# Russian opera just for Russian opera lovers



## myaskovsky2002 (Oct 3, 2010)

*Russian opera just for Russian opera LOVERS*

Personally I don't love the title. Once I started a thread and I guess, people who didn't know anything about Russian opera participated... I guess it was a waste of everybody's time... I would like to participate here people who know at least 50 Russian operas. I am sorry to be a bit restrictive... But "lo bueno y breve, dos veces bueno" (good when is short is twice good)

Respectful

Martin


----------



## quack (Oct 13, 2011)

If this thread had been titled "Post here if you like Russian opera a little bit" I probably would have waited and watched how it developed. As only people who know 50 operas or more are allowed to post here I feel excluded and so I am compelled to post even if I am not allowed to.

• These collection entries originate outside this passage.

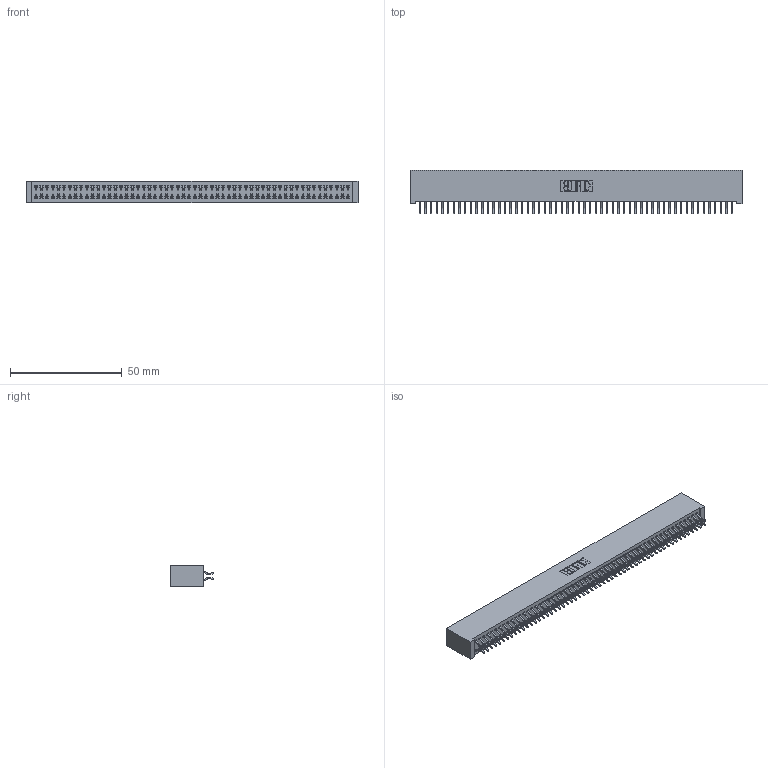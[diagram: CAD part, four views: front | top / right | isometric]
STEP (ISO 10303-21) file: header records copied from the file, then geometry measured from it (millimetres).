
FILE_DESCRIPTION (( 'STEP AP203' ), '1' );
FILE_NAME ('342-112-556-201.STEP', '2018-08-14T12:24:37', ( '' ), ( '' ), 'SwSTEP 2.0', 'SolidWorks 2016', '' );
FILE_SCHEMA (( 'CONFIG_CONTROL_DESIGN' ));
Length unit declared in the file: inch
Products named in the file (3): 342 Part_Lugless; 345-292-001_556 Tail; 342-112-556-201
Assembly tree (113 placements, depth 2):
  342-112-556-201
    342 Part_Lugless
    345-292-001_556 Tail  x112
Bounding box: 148.49 x 19.58 x 9.4 mm (x, y, z)
Volume: 13844.6 mm3; surface area: 23218.1 mm2
Topology: 113 solids, 113 shells, 6598 faces, 19651 edges, 12950 vertices
Faces by surface type: plane 4542, cylinder 2056
Entity records: 34027 total; most frequent: CARTESIAN_POINT 5634, ORIENTED_EDGE 5558, DIRECTION 4771, EDGE_CURVE 2779, LINE 2651, VECTOR 2651, VERTEX_POINT 1850, AXIS2_PLACEMENT_3D 1060

Listened to this the other day, The Mussorgsky piece is a bit obscure, probably only a native Russian speaker would really get the satire but the Rimsky-Korsakov piece is great except for one of those annoying laughs that opera characters make.









Quack

Disrespectful


----------



## myaskovsky2002 (Oct 3, 2010)

quack said:


> If this thread had been titled "Post here if you like Russian opera a little bit" I probably would have waited and watched how it developed. As only people who know 50 operas or more are allowed to post here I feel excluded and so I am compelled to post even if I am not allowed to.
> 
> Listened to this the other day, The Mussorgsky piece is a bit obscure, probably only a native Russian speaker would really get the satire but the Rimsky-Korsakov piece is great except for one of those annoying laughs that opera characters make.
> 
> ...


It is OK! Mozart and Salieri is an interesting opera about Pushkin's story where Mozart was murdered by Salieri, just a theory. This is the shortest opera of the grand maestro, about tha Marriage (Gogol) the story is funny and the opera was never completed by Modest who left unfinished almost all his operas... I hope you know more about R-K's operas, he composed 15 beautiful operas and... I have them all, Servilia I have just some excerpts, this opera was destroyed by him after the unsuccessful premiere.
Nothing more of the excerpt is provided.